---- EXERCISE INPUTS

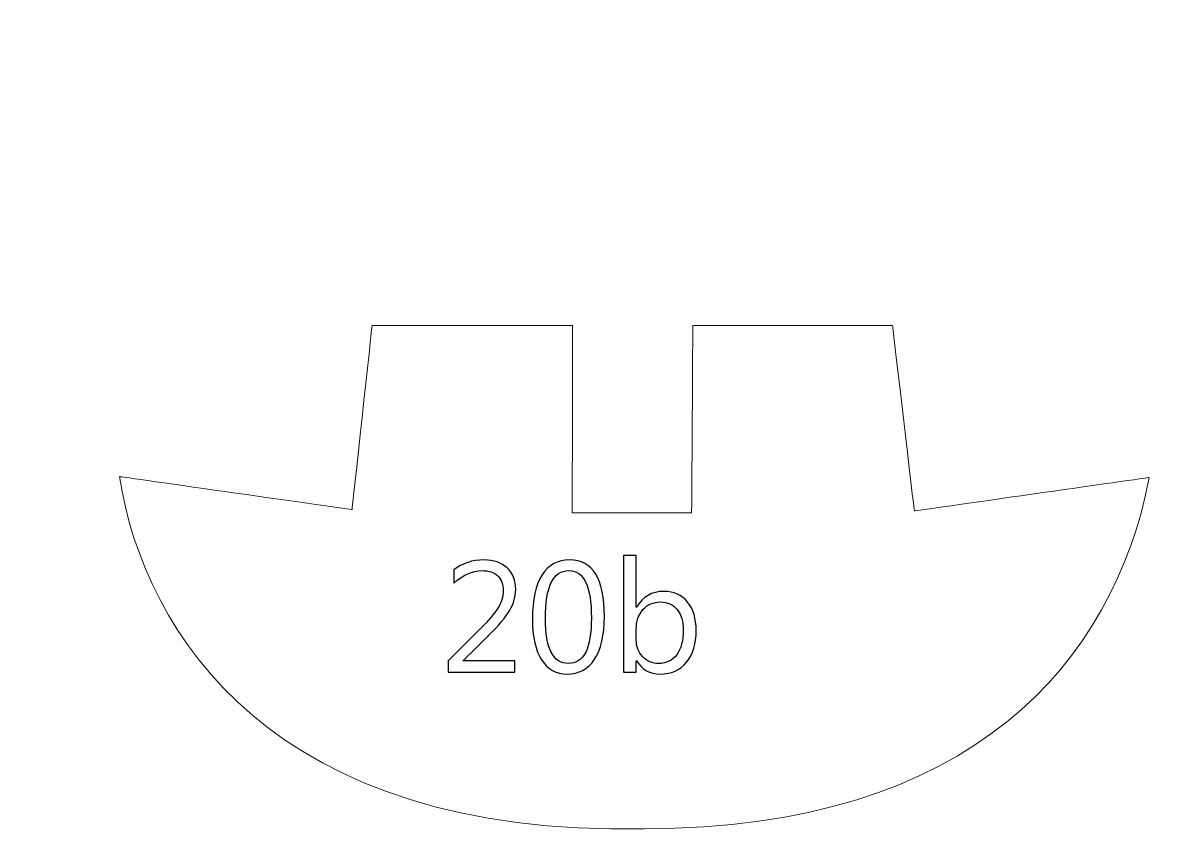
# Model space of a CAD drawing. Header units: centimetres. Extents: x -494 to 505, y -672 to 577.
# Drawn here: x 124.2 to 201.8, y 109.4 to 165 of the extents above; entities that cross this region are included whole.
import ezdxf

# ---------------------------------------------------------------- set-up
doc = ezdxf.new("R2010")
doc.units = ezdxf.units.CM
doc.header["$MEASUREMENT"] = 0
doc.layers.add('Camada 1', color=7, linetype='Continuous')
doc.layers.add('Camada 2', color=10, linetype='Continuous')

msp = doc.modelspace()

# ---------------------------------------------------------------- linework, layer by layer
at = {"layer": 'Camada 1', "lineweight": 9}
for points, knots in [([(288.960814, 353.67214), (288.960814, 353.67214), (306.821586, 353.757484), (306.821586, 353.757484), (306.821586, 353.757484), (306.821586, 353.757484), (306.803806, 326.357488), (306.803806, 326.357488), (306.803806, 326.357488), (306.803806, 326.357488), (315.147198, 326.356472), (315.147198, 326.356472), (315.147198, 326.356472), (315.147198, 326.356472), (315.160914, 353.57562), (315.160914, 353.57562), (315.160914, 353.57562), (315.160914, 353.57562), (341.611458, 353.57562), (341.611458, 353.57562), (341.611458, 353.57562), (341.611458, 353.57562), (341.611458, 326.355964), (341.611458, 326.355964), (341.611458, 326.355964), (341.611458, 326.355964), (349.923862, 326.357996), (349.923862, 326.357996), (349.923862, 326.357996), (349.923862, 326.357996), (349.92691, 353.617276), (349.92691, 353.617276), (349.92691, 353.617276), (349.92691, 353.617276), (376.460766, 353.605592), (376.460766, 353.605592), (376.460766, 353.605592), (376.460766, 353.605592), (376.395234, 326.36714), (376.395234, 326.36714), (376.395234, 326.36714), (376.395234, 326.36714), (384.838194, 326.357488), (384.838194, 326.357488), (384.838194, 326.357488), (384.838194, 326.357488), (384.869182, 353.677728), (384.869182, 353.677728), (384.869182, 353.677728), (384.869182, 353.677728), (411.304994, 353.702112), (411.304994, 353.702112), (411.304994, 353.702112), (411.304994, 353.702112), (411.304994, 326.35952), (411.304994, 326.35952), (411.304994, 326.35952), (411.304994, 326.35952), (419.585902, 326.365108), (419.585902, 326.365108), (419.585902, 326.365108), (419.585902, 326.365108), (419.720522, 353.670108), (419.720522, 353.670108), (419.720522, 353.670108), (419.720522, 353.670108), (446.437766, 353.618292), (446.437766, 353.618292), (446.437766, 353.618292), (446.437766, 353.618292), (446.52311, 326.358504), (446.52311, 326.358504), (446.52311, 326.358504), (446.52311, 326.358504), (454.750678, 326.360536), (454.750678, 326.360536), (454.750678, 326.360536), (454.750678, 326.360536), (454.791826, 353.618292), (454.791826, 353.618292), (454.791826, 353.618292), (454.791826, 353.618292), (489.229146, 353.633024), (489.229146, 353.633024), (489.229146, 353.633024), (489.229146, 353.633024), (489.287566, 342.489536), (489.287566, 342.489536), (489.287566, 342.489536), (489.287566, 342.489536), (481.005134, 342.497156), (481.005134, 342.497156), (481.005134, 342.497156), (481.005134, 342.497156), (481.005642, 309.723028), (481.005642, 309.723028), (481.005642, 309.723028), (481.005642, 309.723028), (489.285534, 309.728616), (489.285534, 309.728616), (489.285534, 309.728616), (489.285534, 309.728616), (489.28401, 298.680632), (489.28401, 298.680632), (489.28401, 298.680632), (489.28401, 298.680632), (280.265378, 298.67606), (280.265378, 298.67606), (280.265378, 298.67606), (280.265378, 298.67606), (280.256742, 315.430408), (280.256742, 315.430408), (280.256742, 315.430408), (280.256742, 315.430408), (252.19279, 315.430408), (252.19279, 315.430408), (252.19279, 315.430408), (247.88749, 315.334904), (245.91899, 310.748172), (245.883938, 302.43526), (245.883938, 302.43526), (246.230902, 288.837116), (238.245142, 283.140404), (231.76103, 283.8704), (231.76103, 283.8704), (231.76103, 283.8704), (235.595922, 314.865512), (235.595922, 314.865512), (235.595922, 314.865512), (235.595922, 314.865512), (227.385626, 315.718444), (227.385626, 315.718444), (227.385626, 315.718444), (227.385626, 315.718444), (224.653602, 295.469056), (224.653602, 295.469056), (224.653602, 295.469056), (224.653602, 295.469056), (5.72135, 295.22674), (5.72135, 295.22674), (5.72135, 295.22674), (5.72135, 295.22674), (5.716778, 279.167844), (5.716778, 279.167844), (5.716778, 279.167844), (5.716778, 279.167844), (-2.628138, 279.165304), (-2.628138, 279.165304), (-2.628138, 279.165304), (-2.628138, 279.165304), (-2.98577, 224.0915), (-2.98577, 224.0915), (-2.98577, 224.0915), (-2.98577, 224.0915), (-88.789002, 214.483696), (-88.789002, 214.483696), (-88.789002, 214.483696), (-88.789002, 214.483696), (-160.134554, 214.52332), (-160.134554, 214.52332), (-160.134554, 214.52332), (-163.876482, 213.130384), (-165.443662, 209.995516), (-164.388038, 204.757528), (-164.388038, 204.757528), (-164.388038, 204.757528), (-161.889694, 196.939916), (-161.889694, 196.939916), (-161.889694, 196.939916), (-159.55137, 189.6237), (-158.882842, 185.430668), (-164.745162, 183.003444), (-164.745162, 183.003444), (-164.745162, 183.003444), (-175.274478, 179.070508), (-175.274478, 179.070508), (-175.274478, 179.070508), (-189.770766, 172.492416), (-191.904366, 158.459424), (-185.580274, 139.325096), (-185.580274, 139.325096), (-182.29707, 128.78308), (-186.260486, 121.438924), (-192.412366, 123.689364), (-192.412366, 123.689364), (-192.412366, 123.689364), (-261.359142, 146.906996), (-261.359142, 146.906996), (-261.359142, 146.906996), (-259.768086, 152.90292), (-257.854958, 158.898844), (-255.620774, 164.893752), (-255.620774, 164.893752), (-255.620774, 164.893752), (-235.993178, 156.483304), (-235.993178, 156.483304), (-235.993178, 156.483304), (-235.993178, 156.483304), (-233.24947, 164.39388), (-233.24947, 164.39388), (-233.24947, 164.39388), (-233.24947, 164.39388), (-252.959362, 172.804328), (-252.959362, 172.804328), (-252.959362, 172.804328), (-249.96013, 179.295044), (-246.799354, 185.623708), (-243.478558, 191.789812), (-243.478558, 191.789812), (-243.478558, 191.789812), (-223.85147, 181.048152), (-223.85147, 181.048152), (-223.85147, 181.048152), (-223.85147, 181.048152), (-219.526358, 188.126116), (-219.526358, 188.126116), (-219.526358, 188.126116), (-219.526358, 188.126116), (-238.904526, 198.951596), (-238.904526, 198.951596), (-238.904526, 198.951596), (-235.729018, 204.52842), (-232.421938, 209.843116), (-228.924866, 214.772748), (-228.924866, 214.772748), (-228.924866, 214.772748), (-210.96097, 202.698604), (-210.96097, 202.698604), (-210.96097, 202.698604), (-210.96097, 202.698604), (-206.469742, 209.526632), (-206.469742, 209.526632), (-206.469742, 209.526632), (-206.469742, 209.526632), (-224.18421, 221.600776), (-224.18421, 221.600776), (-224.18421, 221.600776), (-220.36151, 226.60102), (-216.750138, 231.702356), (-213.372446, 236.922564), (-213.372446, 236.922564), (-213.372446, 236.922564), (-194.826382, 225.348292), (-194.826382, 225.348292), (-194.826382, 225.348292), (-194.826382, 225.348292), (-191.25057, 232.592372), (-191.25057, 232.592372), (-191.25057, 232.592372), (-191.25057, 232.592372), (-209.380582, 244.333776), (-209.380582, 244.333776), (-209.380582, 244.333776), (-202.259946, 261.027672), (-207.195166, 274.737068), (-227.065078, 282.88488), (-227.065078, 282.88488), (-261.775194, 290.706048), (-301.116238, 286.78124), (-337.022694, 269.0622), (-337.022694, 269.0622), (-362.833158, 254.920496), (-388.11327, 237.066328), (-415.161222, 221.333568), (-415.161222, 221.333568), (-428.876714, 212.451696), (-442.468254, 204.489812), (-456.981306, 198.090028), (-456.981306, 198.090028), (-462.47939, 196.298312), (-466.306662, 195.61048), (-468.373206, 196.760592), (-468.373206, 196.760592), (-481.297234, 208.35874), (-487.891074, 236.208316), (-486.846118, 283.671264), (-486.846118, 283.671264), (-484.055166, 323.948552), (-477.369886, 350.249236), (-465.985606, 359.680256), (-465.985606, 359.680256), (-455.591418, 363.607604), (-416.449002, 364.2106), (-357.647494, 359.764076), (-357.647494, 359.764076), (-317.62573, 356.62108), (-277.81377, 352.853244), (-238.131858, 348.694756), (-238.131858, 348.694756), (-214.866474, 346.01658), (-195.551298, 366.45342), (-178.214274, 397.942308), (-178.214274, 397.942308), (-183.909462, 398.922748), (-187.93587, 403.347936), (-188.438282, 412.292292), (-188.438282, 412.292292), (-188.327538, 422.884092), (-183.723026, 428.164752), (-174.94631, 428.932848), (-174.94631, 428.932848), (-171.28617, 428.963836), (-167.626538, 428.92218), (-163.96843, 428.50308), (-163.96843, 428.50308), (-159.001206, 427.909736), (-156.690822, 430.099216), (-156.854398, 436.178452), (-156.854398, 436.178452), (-156.854398, 436.178452), (-156.778198, 448.203828), (-156.778198, 448.203828), (-156.778198, 448.203828), (-156.778198, 448.203828), (-147.700746, 448.20332), (-147.700746, 448.20332), (-147.700746, 448.20332), (-147.700746, 448.20332), (-147.697698, 465.516468), (-147.697698, 465.516468), (-147.697698, 465.516468), (-147.697698, 465.516468), (-132.459222, 465.506816), (-132.459222, 465.506816), (-132.459222, 465.506816), (-132.459222, 465.506816), (-117.536722, 483.837996), (-117.536722, 483.837996), (-117.536722, 483.837996), (-117.536722, 483.837996), (-45.491654, 483.825804), (-45.491654, 483.825804), (-45.491654, 483.825804), (-45.491654, 483.825804), (-45.47489, 454.015348), (-45.47489, 454.015348), (-45.47489, 454.015348), (-45.47489, 454.015348), (-36.796218, 454.018396), (-36.796218, 454.018396), (-36.796218, 454.018396), (-36.796218, 454.018396), (-36.920678, 434.287168), (-36.920678, 434.287168), (-36.920678, 434.287168), (-37.163502, 430.041812), (-40.062658, 428.173896), (-44.477686, 427.461172), (-44.477686, 427.461172), (-44.477686, 427.461172), (-58.86831, 427.45914), (-58.86831, 427.45914), (-58.86831, 427.45914), (-58.86831, 427.45914), (-58.872882, 414.921192), (-58.872882, 414.921192), (-58.872882, 414.921192), (-58.872882, 414.921192), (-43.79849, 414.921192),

--------

WORK REQUEST
For the word "units", please count the lines in the data where it appears and respond with the number only.

OUTPUT BELOW
2